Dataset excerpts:
>>>>

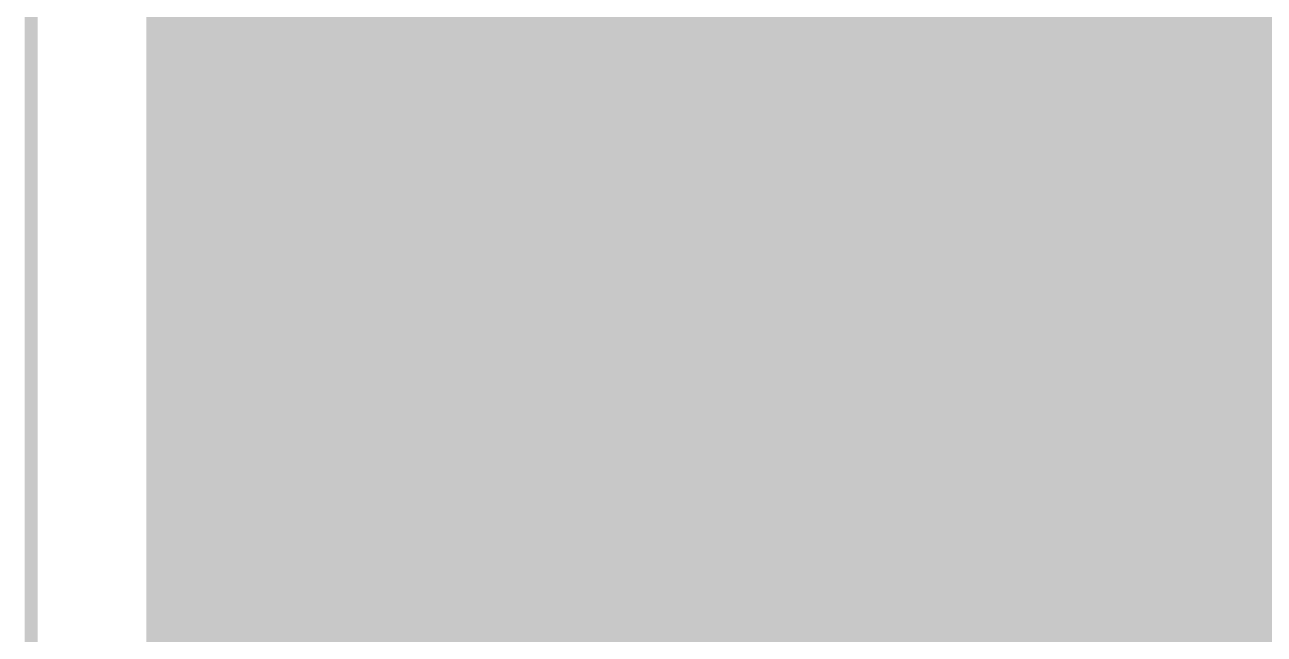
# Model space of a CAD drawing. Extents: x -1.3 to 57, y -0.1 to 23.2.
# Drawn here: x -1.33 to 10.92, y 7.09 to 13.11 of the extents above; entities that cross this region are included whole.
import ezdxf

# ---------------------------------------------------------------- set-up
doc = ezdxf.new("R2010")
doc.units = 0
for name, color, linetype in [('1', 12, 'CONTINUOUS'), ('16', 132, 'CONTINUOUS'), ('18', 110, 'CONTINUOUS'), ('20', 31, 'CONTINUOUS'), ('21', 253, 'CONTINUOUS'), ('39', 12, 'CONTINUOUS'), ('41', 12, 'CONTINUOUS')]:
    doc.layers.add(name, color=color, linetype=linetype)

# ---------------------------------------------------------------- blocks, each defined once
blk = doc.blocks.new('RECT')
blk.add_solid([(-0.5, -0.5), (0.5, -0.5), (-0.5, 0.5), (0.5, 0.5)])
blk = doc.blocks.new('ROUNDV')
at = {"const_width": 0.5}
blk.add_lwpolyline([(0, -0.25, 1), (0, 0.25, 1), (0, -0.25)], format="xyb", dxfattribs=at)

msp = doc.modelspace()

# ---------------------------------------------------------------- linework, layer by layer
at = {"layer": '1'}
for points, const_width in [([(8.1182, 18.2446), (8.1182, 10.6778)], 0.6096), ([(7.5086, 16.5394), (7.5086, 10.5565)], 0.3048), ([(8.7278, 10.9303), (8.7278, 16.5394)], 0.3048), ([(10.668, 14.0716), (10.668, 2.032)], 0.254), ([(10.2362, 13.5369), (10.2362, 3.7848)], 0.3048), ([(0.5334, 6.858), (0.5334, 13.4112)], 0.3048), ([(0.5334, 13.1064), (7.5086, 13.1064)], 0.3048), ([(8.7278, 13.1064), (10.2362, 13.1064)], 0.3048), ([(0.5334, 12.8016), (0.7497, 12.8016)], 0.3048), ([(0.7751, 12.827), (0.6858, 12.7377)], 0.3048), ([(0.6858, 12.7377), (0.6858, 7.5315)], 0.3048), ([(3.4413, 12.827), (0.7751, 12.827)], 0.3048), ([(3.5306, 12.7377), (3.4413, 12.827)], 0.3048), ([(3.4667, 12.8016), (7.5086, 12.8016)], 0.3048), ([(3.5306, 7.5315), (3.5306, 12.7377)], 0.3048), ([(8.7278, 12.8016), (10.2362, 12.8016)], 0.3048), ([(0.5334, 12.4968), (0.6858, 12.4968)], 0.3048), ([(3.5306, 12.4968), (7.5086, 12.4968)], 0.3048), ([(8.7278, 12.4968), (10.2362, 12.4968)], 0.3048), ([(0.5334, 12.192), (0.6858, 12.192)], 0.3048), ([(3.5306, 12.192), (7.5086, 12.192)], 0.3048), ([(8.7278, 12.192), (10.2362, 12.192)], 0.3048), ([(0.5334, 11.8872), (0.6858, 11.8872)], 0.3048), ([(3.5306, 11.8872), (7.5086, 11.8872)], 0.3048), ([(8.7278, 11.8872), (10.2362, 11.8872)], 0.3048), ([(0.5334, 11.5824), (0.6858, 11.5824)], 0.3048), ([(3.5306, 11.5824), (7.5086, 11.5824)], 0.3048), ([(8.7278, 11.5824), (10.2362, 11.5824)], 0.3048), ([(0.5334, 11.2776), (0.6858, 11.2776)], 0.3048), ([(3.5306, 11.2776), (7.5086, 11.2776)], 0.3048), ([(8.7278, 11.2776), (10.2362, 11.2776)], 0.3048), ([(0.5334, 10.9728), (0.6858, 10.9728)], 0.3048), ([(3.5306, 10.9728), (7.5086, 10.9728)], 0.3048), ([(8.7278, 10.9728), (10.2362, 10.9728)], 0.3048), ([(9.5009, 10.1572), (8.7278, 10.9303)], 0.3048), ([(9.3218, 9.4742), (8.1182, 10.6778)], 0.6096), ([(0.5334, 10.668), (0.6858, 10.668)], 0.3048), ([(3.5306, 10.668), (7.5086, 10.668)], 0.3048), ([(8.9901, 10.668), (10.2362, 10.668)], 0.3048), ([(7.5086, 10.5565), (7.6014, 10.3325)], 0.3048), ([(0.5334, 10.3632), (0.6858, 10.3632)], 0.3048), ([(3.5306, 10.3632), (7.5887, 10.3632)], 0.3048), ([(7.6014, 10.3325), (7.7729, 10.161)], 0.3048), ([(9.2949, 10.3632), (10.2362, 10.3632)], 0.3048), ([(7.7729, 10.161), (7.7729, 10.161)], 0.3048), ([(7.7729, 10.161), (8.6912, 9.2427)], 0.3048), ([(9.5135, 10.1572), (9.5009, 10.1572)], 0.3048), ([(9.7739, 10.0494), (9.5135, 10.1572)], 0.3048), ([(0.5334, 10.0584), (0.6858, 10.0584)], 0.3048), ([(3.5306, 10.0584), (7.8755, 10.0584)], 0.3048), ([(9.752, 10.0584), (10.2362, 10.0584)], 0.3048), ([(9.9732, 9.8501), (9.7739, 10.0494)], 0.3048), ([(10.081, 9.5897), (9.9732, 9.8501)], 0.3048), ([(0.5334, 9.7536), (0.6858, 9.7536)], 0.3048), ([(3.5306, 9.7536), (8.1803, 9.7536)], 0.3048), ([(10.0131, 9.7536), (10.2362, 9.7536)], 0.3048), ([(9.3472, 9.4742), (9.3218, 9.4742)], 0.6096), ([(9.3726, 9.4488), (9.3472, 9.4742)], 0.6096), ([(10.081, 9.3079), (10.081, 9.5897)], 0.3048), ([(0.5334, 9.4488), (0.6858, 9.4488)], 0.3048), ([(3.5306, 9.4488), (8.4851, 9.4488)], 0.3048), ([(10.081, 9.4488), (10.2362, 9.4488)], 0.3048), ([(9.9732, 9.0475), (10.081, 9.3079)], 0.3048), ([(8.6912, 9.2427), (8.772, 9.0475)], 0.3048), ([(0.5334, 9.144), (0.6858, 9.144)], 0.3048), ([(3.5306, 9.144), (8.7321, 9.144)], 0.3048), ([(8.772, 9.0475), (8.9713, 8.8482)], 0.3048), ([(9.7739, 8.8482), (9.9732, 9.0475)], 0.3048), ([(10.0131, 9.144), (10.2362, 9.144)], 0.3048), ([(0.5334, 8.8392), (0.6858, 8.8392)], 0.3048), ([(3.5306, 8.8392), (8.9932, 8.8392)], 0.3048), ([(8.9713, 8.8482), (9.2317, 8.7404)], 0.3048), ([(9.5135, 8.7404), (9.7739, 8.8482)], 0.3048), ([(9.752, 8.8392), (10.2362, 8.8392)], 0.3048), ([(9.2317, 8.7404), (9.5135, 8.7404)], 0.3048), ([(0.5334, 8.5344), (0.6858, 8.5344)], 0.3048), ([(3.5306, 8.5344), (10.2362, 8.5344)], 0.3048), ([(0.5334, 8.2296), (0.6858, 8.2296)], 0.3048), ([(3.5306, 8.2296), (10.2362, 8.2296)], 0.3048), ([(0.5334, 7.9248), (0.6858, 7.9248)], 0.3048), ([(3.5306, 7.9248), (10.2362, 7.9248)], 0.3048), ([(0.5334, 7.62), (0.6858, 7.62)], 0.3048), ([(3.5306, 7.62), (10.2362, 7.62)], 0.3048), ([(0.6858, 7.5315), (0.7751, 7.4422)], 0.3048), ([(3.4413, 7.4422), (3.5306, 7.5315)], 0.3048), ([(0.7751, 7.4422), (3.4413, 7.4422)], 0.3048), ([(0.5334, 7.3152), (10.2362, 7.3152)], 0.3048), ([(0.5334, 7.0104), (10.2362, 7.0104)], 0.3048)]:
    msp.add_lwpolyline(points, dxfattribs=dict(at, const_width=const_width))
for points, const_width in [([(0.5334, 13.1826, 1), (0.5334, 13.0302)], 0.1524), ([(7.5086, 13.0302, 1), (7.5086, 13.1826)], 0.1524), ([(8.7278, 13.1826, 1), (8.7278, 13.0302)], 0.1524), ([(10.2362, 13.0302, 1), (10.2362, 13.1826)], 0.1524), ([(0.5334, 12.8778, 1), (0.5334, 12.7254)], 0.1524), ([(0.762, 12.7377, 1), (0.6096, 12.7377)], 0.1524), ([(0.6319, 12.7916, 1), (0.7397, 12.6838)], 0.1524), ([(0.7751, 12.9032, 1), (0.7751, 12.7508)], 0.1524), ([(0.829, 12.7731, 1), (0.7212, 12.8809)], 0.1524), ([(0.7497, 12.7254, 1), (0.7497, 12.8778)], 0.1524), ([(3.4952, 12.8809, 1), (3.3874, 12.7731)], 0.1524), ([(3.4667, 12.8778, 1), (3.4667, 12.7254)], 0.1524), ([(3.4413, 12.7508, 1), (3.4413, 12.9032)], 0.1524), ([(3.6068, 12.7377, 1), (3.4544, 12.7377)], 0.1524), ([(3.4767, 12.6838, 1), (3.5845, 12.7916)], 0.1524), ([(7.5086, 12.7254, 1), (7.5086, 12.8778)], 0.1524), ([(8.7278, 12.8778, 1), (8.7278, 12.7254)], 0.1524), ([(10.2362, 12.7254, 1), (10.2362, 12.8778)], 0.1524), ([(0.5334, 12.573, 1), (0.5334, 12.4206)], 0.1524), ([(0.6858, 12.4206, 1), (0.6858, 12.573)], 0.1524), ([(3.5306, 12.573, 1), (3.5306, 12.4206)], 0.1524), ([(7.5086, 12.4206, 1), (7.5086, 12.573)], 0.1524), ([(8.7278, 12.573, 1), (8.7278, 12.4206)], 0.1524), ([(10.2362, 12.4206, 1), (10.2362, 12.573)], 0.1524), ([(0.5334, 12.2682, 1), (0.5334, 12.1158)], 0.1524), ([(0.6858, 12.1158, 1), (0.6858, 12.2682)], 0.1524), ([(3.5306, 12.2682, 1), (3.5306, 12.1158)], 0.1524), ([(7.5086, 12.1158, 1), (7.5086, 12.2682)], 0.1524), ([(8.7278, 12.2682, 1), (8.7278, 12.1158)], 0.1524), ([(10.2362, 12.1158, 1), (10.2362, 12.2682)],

<<<<

- **The problem**:
Wherever the string "name" appears in the entries above, return the line it appears on.

- **Task output**:
for name, color, linetype in [('1', 12, 'CONTINUOUS'), ('16', 132, 'CONTINUOUS'), ('18', 110, 'CONTINUOUS'), ('20', 31, 'CONTINUOUS'), ('21', 253, 'CONTINUOUS'), ('39', 12, 'CONTINUOUS'), ('41', 12, 'CONTINUOUS')]:
    doc.layers.add(name, color=color, linetype=linetype)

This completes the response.